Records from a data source
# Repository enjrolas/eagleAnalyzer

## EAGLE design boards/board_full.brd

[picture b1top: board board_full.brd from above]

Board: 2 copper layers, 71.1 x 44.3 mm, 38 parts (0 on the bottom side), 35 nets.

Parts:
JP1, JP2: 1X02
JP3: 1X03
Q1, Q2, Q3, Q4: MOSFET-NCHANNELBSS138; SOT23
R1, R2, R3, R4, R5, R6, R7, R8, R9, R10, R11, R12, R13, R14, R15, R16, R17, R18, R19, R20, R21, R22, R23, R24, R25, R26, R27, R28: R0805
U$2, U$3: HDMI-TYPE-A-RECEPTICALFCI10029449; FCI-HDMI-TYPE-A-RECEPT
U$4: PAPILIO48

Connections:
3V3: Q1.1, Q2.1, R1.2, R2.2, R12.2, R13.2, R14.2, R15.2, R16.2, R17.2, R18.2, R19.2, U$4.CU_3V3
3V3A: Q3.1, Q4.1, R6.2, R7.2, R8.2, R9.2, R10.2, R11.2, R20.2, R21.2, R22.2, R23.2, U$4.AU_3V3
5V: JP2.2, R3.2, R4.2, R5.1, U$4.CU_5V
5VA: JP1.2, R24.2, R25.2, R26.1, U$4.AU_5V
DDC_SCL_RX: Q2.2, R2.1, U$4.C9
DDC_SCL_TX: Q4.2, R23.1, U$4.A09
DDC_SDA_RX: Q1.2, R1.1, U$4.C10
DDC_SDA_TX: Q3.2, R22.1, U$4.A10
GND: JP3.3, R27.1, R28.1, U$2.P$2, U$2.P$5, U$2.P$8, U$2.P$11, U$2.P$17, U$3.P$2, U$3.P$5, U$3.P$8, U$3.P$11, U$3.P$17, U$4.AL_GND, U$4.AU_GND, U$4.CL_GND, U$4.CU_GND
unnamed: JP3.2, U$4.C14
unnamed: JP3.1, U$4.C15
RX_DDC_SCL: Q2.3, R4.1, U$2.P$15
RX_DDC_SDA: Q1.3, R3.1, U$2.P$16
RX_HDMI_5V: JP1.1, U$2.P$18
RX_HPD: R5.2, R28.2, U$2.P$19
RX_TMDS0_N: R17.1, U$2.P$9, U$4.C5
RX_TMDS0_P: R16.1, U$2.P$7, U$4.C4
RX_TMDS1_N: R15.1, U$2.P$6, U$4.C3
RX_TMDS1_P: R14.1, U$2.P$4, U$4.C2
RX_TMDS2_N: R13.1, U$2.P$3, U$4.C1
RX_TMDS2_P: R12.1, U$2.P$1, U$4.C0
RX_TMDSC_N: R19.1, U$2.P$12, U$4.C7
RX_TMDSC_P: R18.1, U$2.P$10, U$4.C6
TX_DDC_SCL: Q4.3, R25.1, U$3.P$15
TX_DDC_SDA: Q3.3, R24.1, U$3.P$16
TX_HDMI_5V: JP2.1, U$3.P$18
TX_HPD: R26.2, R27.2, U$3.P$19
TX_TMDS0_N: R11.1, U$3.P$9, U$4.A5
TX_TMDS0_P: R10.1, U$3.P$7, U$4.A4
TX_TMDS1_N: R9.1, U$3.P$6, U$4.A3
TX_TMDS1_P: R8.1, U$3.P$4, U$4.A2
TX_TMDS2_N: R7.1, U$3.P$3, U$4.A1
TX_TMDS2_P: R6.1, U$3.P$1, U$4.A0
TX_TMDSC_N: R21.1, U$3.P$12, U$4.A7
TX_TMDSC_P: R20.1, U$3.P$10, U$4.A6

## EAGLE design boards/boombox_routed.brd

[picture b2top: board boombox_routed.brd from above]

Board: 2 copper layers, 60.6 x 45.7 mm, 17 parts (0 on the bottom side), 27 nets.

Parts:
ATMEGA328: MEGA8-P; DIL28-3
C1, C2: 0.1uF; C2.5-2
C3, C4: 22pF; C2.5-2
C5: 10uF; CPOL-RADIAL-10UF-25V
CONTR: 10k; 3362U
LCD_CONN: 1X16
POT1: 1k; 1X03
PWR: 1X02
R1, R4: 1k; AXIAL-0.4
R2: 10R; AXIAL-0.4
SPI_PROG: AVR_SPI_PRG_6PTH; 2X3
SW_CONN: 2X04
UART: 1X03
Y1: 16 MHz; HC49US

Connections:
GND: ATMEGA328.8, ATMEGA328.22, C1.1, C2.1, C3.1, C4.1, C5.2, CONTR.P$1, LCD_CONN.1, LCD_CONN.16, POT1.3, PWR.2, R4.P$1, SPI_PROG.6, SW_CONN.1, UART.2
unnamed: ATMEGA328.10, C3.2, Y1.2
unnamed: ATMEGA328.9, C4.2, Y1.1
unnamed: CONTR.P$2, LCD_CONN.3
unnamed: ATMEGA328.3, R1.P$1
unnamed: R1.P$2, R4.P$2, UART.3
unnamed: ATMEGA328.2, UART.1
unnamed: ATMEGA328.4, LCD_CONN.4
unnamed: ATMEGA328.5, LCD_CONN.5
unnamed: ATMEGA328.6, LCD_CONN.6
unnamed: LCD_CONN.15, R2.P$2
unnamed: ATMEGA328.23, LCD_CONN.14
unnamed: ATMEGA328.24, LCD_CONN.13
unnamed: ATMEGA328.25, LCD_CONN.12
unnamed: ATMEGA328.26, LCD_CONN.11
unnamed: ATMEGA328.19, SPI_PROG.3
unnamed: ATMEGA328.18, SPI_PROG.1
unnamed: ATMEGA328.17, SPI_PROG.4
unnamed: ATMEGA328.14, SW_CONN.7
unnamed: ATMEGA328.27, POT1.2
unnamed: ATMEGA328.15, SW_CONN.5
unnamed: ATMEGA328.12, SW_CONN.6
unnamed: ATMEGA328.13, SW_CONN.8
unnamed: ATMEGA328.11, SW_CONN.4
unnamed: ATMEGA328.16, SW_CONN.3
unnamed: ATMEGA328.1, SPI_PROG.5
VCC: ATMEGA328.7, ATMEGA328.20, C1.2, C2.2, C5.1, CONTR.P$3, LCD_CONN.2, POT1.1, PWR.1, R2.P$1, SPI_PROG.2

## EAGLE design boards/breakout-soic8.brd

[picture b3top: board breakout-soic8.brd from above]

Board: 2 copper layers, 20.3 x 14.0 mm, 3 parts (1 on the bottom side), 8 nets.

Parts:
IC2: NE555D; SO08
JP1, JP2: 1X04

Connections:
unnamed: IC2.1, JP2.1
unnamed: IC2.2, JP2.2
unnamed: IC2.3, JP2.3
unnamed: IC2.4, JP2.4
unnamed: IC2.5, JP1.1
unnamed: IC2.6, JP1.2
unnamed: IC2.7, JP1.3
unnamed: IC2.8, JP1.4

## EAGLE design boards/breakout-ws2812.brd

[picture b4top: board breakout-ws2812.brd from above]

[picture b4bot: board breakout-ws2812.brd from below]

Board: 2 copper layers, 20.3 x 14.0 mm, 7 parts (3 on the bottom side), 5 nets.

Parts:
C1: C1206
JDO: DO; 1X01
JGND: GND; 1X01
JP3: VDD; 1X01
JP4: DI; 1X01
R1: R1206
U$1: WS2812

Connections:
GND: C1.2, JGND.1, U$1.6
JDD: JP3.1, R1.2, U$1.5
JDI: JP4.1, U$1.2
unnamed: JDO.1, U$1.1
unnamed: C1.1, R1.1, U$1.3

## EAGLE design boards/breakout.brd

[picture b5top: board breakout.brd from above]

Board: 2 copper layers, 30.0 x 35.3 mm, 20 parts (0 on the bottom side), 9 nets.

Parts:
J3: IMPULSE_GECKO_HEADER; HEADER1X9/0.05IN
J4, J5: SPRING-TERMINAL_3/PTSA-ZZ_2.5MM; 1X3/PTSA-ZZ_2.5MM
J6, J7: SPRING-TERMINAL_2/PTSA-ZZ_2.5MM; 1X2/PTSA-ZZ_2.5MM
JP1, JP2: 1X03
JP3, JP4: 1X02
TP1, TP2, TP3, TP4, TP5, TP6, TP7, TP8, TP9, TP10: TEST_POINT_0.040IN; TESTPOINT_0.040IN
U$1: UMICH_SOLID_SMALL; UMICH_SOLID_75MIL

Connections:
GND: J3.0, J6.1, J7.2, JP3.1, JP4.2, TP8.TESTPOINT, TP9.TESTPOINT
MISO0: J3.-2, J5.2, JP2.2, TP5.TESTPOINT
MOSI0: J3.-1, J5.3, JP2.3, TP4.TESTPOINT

- Prompt:
Reproduce exactly every line that sits between the start of the entries and the line bearing "RX_TMDS0_P: R16.1, U$2.P$7, U$4.C4", counting both of those lines.

- Expected output:
# Repository enjrolas/eagleAnalyzer

## EAGLE design boards/board_full.brd

[picture b1top: board board_full.brd from above]

Board: 2 copper layers, 71.1 x 44.3 mm, 38 parts (0 on the bottom side), 35 nets.

Parts:
JP1, JP2: 1X02
JP3: 1X03
Q1, Q2, Q3, Q4: MOSFET-NCHANNELBSS138; SOT23
R1, R2, R3, R4, R5, R6, R7, R8, R9, R10, R11, R12, R13, R14, R15, R16, R17, R18, R19, R20, R21, R22, R23, R24, R25, R26, R27, R28: R0805
U$2, U$3: HDMI-TYPE-A-RECEPTICALFCI10029449; FCI-HDMI-TYPE-A-RECEPT
U$4: PAPILIO48

Connections:
3V3: Q1.1, Q2.1, R1.2, R2.2, R12.2, R13.2, R14.2, R15.2, R16.2, R17.2, R18.2, R19.2, U$4.CU_3V3
3V3A: Q3.1, Q4.1, R6.2, R7.2, R8.2, R9.2, R10.2, R11.2, R20.2, R21.2, R22.2, R23.2, U$4.AU_3V3
5V: JP2.2, R3.2, R4.2, R5.1, U$4.CU_5V
5VA: JP1.2, R24.2, R25.2, R26.1, U$4.AU_5V
DDC_SCL_RX: Q2.2, R2.1, U$4.C9
DDC_SCL_TX: Q4.2, R23.1, U$4.A09
DDC_SDA_RX: Q1.2, R1.1, U$4.C10
DDC_SDA_TX: Q3.2, R22.1, U$4.A10
GND: JP3.3, R27.1, R28.1, U$2.P$2, U$2.P$5, U$2.P$8, U$2.P$11, U$2.P$17, U$3.P$2, U$3.P$5, U$3.P$8, U$3.P$11, U$3.P$17, U$4.AL_GND, U$4.AU_GND, U$4.CL_GND, U$4.CU_GND
unnamed: JP3.2, U$4.C14
unnamed: JP3.1, U$4.C15
RX_DDC_SCL: Q2.3, R4.1, U$2.P$15
RX_DDC_SDA: Q1.3, R3.1, U$2.P$16
RX_HDMI_5V: JP1.1, U$2.P$18
RX_HPD: R5.2, R28.2, U$2.P$19
RX_TMDS0_N: R17.1, U$2.P$9, U$4.C5
RX_TMDS0_P: R16.1, U$2.P$7, U$4.C4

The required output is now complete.